This function scans the provided data folder for relevant files and generates a configuration file (in JSON format) with metadata about the files and the test setup.

Arguments: data_folder_path (str): The path to the data folder containing the test files.

Returns: None

Example Usage: create_config(‘/path/to/data/folder’)

File Naming Conventions: - For Maccor data files: Files ending with a number followed by ‘.txt’. - For Maccor stats files: Files ending with ‘[STATS].txt’. - For Maccor schedule files: Files ending with ‘.000’. - For Arbin data files: Files containing ‘Wb’ in the name and ending with ‘.CSV’. - For Arbin stats files: Files ending with ‘StatisticByCycle.CSV’. - For Maccor schedule files: Files ending with ‘.sdx’.

Generated Configuration Structure: The configuration file includes metadata about the test setup, including timezone, file paths, and various parameters related to the test, cell, schedule, cycler, customers, and projects.

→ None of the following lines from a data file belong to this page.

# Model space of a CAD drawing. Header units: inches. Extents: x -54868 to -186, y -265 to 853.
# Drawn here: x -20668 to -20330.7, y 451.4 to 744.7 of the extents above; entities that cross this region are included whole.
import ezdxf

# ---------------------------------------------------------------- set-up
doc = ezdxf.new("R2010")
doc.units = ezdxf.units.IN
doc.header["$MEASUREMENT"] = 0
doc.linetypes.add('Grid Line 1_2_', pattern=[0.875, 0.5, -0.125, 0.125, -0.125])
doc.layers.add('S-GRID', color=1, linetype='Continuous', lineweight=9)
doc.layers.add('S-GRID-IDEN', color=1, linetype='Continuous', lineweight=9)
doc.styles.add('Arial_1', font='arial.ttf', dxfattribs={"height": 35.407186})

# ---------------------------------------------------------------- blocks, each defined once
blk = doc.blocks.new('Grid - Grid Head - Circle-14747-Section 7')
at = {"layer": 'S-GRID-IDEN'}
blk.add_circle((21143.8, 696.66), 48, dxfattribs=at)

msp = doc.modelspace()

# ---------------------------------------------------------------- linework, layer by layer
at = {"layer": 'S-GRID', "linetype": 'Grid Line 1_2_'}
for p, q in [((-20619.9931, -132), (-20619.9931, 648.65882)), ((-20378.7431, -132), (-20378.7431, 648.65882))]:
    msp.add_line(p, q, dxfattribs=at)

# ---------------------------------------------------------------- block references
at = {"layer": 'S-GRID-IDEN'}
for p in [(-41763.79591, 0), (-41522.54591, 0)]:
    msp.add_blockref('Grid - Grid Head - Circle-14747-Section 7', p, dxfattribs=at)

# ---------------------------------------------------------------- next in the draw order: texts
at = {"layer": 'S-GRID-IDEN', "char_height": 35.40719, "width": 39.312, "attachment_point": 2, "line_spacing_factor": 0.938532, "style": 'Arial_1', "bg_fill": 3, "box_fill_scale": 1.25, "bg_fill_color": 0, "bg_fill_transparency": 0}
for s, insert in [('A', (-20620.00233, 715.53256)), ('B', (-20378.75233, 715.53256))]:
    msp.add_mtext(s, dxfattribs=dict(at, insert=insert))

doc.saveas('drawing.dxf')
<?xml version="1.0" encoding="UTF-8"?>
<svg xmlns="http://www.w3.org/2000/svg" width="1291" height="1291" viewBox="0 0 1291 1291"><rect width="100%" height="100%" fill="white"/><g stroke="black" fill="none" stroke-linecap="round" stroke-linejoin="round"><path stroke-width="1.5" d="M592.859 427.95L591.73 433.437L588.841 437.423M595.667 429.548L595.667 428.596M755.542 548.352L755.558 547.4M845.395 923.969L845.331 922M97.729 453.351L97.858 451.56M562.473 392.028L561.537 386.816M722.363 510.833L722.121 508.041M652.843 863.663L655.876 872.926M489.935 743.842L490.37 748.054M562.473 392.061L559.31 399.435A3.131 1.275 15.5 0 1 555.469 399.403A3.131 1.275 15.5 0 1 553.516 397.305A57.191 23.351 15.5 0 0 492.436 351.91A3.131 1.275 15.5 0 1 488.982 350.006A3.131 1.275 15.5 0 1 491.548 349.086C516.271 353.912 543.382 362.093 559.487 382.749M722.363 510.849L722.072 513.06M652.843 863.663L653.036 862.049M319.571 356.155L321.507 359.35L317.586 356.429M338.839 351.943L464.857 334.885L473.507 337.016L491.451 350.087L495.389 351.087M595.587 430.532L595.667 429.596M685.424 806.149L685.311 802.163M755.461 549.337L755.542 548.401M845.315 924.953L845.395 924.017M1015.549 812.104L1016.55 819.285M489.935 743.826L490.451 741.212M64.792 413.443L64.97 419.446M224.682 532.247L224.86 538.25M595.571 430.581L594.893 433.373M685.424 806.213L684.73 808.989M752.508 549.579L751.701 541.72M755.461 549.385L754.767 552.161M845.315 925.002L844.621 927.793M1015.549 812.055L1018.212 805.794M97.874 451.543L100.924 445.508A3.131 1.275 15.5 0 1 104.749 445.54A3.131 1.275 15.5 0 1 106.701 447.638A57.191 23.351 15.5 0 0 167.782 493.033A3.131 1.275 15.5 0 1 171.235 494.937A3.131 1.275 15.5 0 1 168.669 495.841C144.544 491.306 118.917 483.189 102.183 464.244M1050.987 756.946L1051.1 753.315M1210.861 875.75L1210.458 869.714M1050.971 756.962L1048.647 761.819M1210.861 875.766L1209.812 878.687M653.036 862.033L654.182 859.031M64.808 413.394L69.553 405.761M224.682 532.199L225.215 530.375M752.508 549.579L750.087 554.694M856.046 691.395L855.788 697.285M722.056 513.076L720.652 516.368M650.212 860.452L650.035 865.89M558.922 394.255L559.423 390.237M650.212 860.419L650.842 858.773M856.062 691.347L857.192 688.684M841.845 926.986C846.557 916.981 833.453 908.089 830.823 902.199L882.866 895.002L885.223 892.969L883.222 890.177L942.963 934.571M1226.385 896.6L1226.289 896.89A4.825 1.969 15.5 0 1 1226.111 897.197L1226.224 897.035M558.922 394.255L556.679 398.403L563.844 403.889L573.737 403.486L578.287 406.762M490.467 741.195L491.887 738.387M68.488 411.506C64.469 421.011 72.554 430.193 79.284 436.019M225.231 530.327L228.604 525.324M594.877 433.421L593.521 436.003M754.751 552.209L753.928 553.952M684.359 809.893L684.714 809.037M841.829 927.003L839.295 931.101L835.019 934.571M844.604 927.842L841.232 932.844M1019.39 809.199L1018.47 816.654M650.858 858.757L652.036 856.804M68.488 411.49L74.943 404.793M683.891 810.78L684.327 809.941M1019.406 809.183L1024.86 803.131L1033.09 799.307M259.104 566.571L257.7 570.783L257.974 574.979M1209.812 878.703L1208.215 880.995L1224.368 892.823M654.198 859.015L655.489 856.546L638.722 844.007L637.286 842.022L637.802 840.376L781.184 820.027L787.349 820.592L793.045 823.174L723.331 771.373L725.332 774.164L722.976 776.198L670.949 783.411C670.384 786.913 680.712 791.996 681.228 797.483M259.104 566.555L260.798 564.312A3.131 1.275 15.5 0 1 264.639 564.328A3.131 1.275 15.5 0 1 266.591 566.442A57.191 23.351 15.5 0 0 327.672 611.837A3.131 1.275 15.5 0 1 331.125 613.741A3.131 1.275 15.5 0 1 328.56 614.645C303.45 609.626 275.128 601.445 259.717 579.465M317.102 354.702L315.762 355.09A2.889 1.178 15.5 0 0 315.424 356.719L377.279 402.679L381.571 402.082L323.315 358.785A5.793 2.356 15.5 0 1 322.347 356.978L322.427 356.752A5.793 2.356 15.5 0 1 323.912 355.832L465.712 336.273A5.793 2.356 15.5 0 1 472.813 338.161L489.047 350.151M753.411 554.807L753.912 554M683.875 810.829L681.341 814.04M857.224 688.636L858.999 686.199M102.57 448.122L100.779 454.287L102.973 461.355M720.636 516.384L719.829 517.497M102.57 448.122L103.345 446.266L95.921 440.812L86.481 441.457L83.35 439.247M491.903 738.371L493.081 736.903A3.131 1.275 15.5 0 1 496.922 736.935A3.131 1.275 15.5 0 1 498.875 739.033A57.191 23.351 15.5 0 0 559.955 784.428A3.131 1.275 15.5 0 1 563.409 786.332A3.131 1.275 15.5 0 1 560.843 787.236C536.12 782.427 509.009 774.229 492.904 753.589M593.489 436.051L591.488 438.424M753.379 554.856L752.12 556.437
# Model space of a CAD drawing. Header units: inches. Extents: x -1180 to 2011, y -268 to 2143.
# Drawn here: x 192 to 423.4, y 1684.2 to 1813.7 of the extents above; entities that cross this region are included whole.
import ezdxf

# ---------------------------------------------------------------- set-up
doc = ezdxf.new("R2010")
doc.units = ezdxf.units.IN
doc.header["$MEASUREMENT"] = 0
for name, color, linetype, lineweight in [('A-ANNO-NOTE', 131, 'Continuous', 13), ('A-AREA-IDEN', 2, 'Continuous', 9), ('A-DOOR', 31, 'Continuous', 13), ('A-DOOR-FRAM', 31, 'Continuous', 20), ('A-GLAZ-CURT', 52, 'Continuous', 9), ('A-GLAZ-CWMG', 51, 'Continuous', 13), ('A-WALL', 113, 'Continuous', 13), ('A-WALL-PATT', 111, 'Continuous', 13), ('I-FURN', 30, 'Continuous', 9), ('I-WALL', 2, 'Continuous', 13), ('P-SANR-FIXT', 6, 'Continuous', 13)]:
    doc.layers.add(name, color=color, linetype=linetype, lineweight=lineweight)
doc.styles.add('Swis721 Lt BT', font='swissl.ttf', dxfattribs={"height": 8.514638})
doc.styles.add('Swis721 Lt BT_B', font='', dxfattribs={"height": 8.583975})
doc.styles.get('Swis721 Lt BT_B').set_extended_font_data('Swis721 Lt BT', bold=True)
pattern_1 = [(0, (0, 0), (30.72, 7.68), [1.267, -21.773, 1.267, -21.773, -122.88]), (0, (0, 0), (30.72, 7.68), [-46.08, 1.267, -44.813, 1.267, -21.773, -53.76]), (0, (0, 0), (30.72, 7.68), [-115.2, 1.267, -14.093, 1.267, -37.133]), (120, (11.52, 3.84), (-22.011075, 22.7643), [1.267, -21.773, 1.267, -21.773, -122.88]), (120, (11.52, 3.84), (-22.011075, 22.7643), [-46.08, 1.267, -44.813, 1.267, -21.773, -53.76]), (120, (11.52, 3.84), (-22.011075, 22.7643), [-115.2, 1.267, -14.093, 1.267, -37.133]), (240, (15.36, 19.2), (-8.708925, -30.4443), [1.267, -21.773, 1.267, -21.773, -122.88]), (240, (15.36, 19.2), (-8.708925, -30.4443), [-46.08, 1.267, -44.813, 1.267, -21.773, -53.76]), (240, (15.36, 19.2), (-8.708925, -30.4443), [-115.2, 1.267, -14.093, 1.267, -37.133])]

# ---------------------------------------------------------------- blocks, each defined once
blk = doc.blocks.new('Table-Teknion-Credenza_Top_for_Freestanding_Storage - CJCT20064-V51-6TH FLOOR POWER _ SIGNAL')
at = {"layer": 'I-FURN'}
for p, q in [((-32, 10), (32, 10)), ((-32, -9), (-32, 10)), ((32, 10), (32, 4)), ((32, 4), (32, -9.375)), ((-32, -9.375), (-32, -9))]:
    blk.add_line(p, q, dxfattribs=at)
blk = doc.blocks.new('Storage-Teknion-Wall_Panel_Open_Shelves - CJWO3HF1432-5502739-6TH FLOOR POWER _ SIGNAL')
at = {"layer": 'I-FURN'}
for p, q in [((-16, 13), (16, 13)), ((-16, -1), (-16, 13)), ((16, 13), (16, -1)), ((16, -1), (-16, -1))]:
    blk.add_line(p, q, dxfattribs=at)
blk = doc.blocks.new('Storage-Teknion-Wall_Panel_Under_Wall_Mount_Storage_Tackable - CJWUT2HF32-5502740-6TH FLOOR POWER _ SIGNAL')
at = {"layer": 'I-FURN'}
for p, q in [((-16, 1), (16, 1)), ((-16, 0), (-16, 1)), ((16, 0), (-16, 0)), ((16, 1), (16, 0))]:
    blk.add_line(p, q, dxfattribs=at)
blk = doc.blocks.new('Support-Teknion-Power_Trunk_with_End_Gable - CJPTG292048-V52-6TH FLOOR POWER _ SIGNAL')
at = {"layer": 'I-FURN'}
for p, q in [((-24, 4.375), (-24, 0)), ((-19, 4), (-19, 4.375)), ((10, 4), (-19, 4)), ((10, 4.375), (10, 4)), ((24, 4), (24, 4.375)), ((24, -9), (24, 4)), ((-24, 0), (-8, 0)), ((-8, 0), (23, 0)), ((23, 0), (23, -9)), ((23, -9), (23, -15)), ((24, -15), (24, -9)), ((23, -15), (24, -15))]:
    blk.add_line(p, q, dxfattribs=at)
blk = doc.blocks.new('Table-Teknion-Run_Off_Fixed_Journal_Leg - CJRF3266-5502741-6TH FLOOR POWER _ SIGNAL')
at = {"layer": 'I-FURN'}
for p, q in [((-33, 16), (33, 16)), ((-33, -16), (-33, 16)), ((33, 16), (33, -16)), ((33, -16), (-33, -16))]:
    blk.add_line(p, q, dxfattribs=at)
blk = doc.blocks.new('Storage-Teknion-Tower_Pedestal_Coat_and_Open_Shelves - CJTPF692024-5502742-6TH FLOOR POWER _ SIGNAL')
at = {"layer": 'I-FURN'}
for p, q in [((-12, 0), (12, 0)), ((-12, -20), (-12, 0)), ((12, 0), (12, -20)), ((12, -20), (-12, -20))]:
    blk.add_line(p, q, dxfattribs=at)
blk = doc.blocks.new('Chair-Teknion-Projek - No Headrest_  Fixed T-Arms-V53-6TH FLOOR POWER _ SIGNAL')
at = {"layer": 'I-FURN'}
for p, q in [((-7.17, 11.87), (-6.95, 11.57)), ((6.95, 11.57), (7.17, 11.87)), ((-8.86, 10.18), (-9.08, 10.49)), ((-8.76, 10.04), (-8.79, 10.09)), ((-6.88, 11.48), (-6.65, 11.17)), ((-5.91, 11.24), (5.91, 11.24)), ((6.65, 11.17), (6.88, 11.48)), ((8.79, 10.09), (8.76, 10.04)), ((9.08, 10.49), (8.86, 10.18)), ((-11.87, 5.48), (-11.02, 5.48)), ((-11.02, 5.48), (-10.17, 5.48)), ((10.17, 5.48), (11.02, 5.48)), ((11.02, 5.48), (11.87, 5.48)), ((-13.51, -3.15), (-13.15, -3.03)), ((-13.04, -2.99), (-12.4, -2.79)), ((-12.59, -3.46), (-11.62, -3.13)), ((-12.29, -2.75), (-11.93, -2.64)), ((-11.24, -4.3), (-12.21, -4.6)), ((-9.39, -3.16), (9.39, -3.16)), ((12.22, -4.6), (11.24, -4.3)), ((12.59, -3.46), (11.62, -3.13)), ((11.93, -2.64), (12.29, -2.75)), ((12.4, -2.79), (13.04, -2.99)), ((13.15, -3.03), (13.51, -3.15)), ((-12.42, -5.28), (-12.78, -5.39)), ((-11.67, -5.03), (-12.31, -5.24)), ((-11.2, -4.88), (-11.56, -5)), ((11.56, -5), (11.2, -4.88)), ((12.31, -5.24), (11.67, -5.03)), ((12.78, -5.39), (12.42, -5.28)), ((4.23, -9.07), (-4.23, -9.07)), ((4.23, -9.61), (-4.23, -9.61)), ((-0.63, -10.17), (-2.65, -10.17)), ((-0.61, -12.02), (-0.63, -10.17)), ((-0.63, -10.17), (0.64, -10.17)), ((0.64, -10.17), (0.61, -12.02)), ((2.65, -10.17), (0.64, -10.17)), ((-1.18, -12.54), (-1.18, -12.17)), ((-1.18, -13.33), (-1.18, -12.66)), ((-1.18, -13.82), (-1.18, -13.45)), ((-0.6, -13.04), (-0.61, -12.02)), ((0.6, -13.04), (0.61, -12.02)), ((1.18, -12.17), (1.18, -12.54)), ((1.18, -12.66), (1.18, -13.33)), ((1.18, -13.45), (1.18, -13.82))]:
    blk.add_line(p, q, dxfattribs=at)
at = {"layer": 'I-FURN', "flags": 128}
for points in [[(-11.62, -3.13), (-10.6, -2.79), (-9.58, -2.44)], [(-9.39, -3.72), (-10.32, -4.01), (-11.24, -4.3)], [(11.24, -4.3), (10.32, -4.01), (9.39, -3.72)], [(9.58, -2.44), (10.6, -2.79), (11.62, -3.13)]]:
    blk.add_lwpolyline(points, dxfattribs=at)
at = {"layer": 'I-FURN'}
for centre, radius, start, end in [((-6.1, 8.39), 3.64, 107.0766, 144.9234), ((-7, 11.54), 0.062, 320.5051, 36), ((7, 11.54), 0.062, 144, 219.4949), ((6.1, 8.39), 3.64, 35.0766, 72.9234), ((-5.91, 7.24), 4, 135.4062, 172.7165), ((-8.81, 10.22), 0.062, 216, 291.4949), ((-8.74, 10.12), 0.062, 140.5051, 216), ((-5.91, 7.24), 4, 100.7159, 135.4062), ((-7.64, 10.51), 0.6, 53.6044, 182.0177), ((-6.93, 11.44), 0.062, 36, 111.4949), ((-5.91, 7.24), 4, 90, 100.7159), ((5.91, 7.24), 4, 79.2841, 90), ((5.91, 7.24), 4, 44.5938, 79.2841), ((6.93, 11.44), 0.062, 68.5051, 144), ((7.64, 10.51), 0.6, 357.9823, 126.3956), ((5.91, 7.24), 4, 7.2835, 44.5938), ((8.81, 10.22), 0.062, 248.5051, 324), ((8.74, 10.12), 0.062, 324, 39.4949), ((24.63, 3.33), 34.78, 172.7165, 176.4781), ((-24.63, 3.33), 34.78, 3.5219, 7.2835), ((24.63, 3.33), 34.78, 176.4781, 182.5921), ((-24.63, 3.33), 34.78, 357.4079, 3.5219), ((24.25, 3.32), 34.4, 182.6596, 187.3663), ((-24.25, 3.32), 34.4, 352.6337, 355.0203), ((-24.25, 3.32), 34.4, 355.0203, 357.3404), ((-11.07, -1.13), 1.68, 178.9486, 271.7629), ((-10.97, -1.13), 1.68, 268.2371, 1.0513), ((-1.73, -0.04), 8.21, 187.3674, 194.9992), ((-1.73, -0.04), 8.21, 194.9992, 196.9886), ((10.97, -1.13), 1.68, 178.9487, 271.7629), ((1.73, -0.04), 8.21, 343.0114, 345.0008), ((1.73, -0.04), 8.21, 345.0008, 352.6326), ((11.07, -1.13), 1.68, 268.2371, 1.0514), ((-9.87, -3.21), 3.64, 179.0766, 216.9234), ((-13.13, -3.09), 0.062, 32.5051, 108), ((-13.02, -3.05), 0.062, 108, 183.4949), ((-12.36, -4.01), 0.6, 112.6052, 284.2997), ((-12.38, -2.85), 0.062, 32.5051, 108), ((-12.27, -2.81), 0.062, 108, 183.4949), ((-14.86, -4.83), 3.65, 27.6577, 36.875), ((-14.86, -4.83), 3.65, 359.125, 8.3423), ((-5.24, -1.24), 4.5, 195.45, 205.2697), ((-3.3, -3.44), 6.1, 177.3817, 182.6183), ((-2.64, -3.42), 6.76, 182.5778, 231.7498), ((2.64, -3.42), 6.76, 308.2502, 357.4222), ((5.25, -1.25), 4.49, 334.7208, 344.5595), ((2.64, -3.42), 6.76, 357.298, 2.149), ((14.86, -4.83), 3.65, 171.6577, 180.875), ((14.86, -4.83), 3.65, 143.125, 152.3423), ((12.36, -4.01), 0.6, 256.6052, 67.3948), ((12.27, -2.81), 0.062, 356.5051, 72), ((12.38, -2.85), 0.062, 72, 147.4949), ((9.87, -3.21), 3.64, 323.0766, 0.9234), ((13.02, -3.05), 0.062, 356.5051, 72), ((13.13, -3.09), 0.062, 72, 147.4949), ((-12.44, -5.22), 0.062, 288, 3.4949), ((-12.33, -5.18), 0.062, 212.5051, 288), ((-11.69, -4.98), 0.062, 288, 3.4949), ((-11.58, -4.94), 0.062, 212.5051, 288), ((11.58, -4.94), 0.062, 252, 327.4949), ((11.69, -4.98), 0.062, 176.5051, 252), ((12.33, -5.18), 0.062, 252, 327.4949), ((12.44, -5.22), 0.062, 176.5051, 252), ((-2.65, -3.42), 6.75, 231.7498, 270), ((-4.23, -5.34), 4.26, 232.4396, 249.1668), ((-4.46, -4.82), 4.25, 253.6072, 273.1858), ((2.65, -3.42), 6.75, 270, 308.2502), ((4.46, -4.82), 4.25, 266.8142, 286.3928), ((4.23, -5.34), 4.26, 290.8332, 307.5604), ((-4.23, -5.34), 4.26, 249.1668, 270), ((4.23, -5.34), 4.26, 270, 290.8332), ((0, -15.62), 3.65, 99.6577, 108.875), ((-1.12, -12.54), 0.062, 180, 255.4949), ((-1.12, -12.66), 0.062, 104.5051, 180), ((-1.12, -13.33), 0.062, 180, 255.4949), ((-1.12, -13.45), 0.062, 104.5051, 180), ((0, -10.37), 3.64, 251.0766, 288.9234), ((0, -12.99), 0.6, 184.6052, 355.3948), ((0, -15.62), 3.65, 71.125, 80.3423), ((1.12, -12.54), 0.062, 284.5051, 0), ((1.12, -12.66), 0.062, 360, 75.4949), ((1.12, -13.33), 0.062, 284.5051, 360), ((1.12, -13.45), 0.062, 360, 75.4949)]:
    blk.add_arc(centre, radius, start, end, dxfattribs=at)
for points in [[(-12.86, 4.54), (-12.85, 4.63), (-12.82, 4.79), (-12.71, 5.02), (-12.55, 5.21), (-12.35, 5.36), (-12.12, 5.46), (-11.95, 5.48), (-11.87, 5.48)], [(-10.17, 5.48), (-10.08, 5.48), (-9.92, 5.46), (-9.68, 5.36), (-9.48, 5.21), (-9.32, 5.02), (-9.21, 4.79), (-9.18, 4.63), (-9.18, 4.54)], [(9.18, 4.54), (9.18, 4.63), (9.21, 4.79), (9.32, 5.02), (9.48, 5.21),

The configuration structure is as follows: {

“timezone”: “America/Los_Angeles”, “data_file_path”: data_files, “stats_file_path”: stats_files, “schedule_file_path”: schedule_files, “meta_data”: {

“test_meta”: {

“cell_id”: None, “schedule_id”: None, “test_name”: os.path.basename(data_files[0]).split(’ ‘, 1)[0], “start_date”: ‘2020-10-06’, “end_date”: ‘2020-10-11’, “channel”: int(os.path.basename(data_files[0]).split(‘.’, 1)[0].split(’ ‘)[-1]), “ev_chamber”: 12, “ev_chamber_slot”: None, “thermocouples”: None, “thermocouple_channels”: None, “comments”: “Ran at 45 degrees C”, “project_id”: None, “test_capacity_mah”: 2650, “potentiostat_id”: None, “cycler_id”: None,

}, “cell”: {

“cell_type_id”: None, “batch_number”: “BATCH_NUMBER”, “label”: “24”, “date_received”: “2020-09-01”, “comments”: None, “date_manufactured”: None, “manufacturer_sn”: “BattGenie_SN”, “dims”: None, “weight_g”: None, “first_received_at_voltage_mv”: None,

}, “cell_meta”: {

“manufacturer”: “BattGenie”, “manufacturer_pn”: “BattGenie_PN”, “form_factor”: “pouch”, “capacity_mah”: 2720, “chemistry”: None, “dimensions”: ‘{“x_mm”:”54.25”, “y_mm”:106.96, “z_mm”:3.19}’, “datasheet”: None,

}, “schedule_meta”: {

“schedule_name”: “BG_Characterization_v1”, “test_type”: “Characterization”, “cycler_make”: “Maccor”, “date_created”: “2020-10-06”, “created_by”: “BattGenie”, “comments”: None, “cv_voltage_threshold_mv”: None, “details”: None,

}, “cycler”: {

“sn”: “SN”, “calibration_date”: None, “calibration_due_date”: None, “location”: “BattGenie”, “timezone_based”: None,

}, “cycler_meta”: {

“manufacturer”: “Maccor”, “model”: “SERIES 4000M”, “datasheet”: None, “num_channels”: None, “lower_current_limit_a”: None, “upper_current_limit_a”: None, “lower_voltage_limit_v”: None, “upper_voltage_limit_v”: None,

}, “customers”: {

“customer_name”: “FakeCustomer”

}, “projects”: {

“project_name”: “FakeProject”

}

}

}

battetl.run_battetl()

Run the BattETL application with command-line interface.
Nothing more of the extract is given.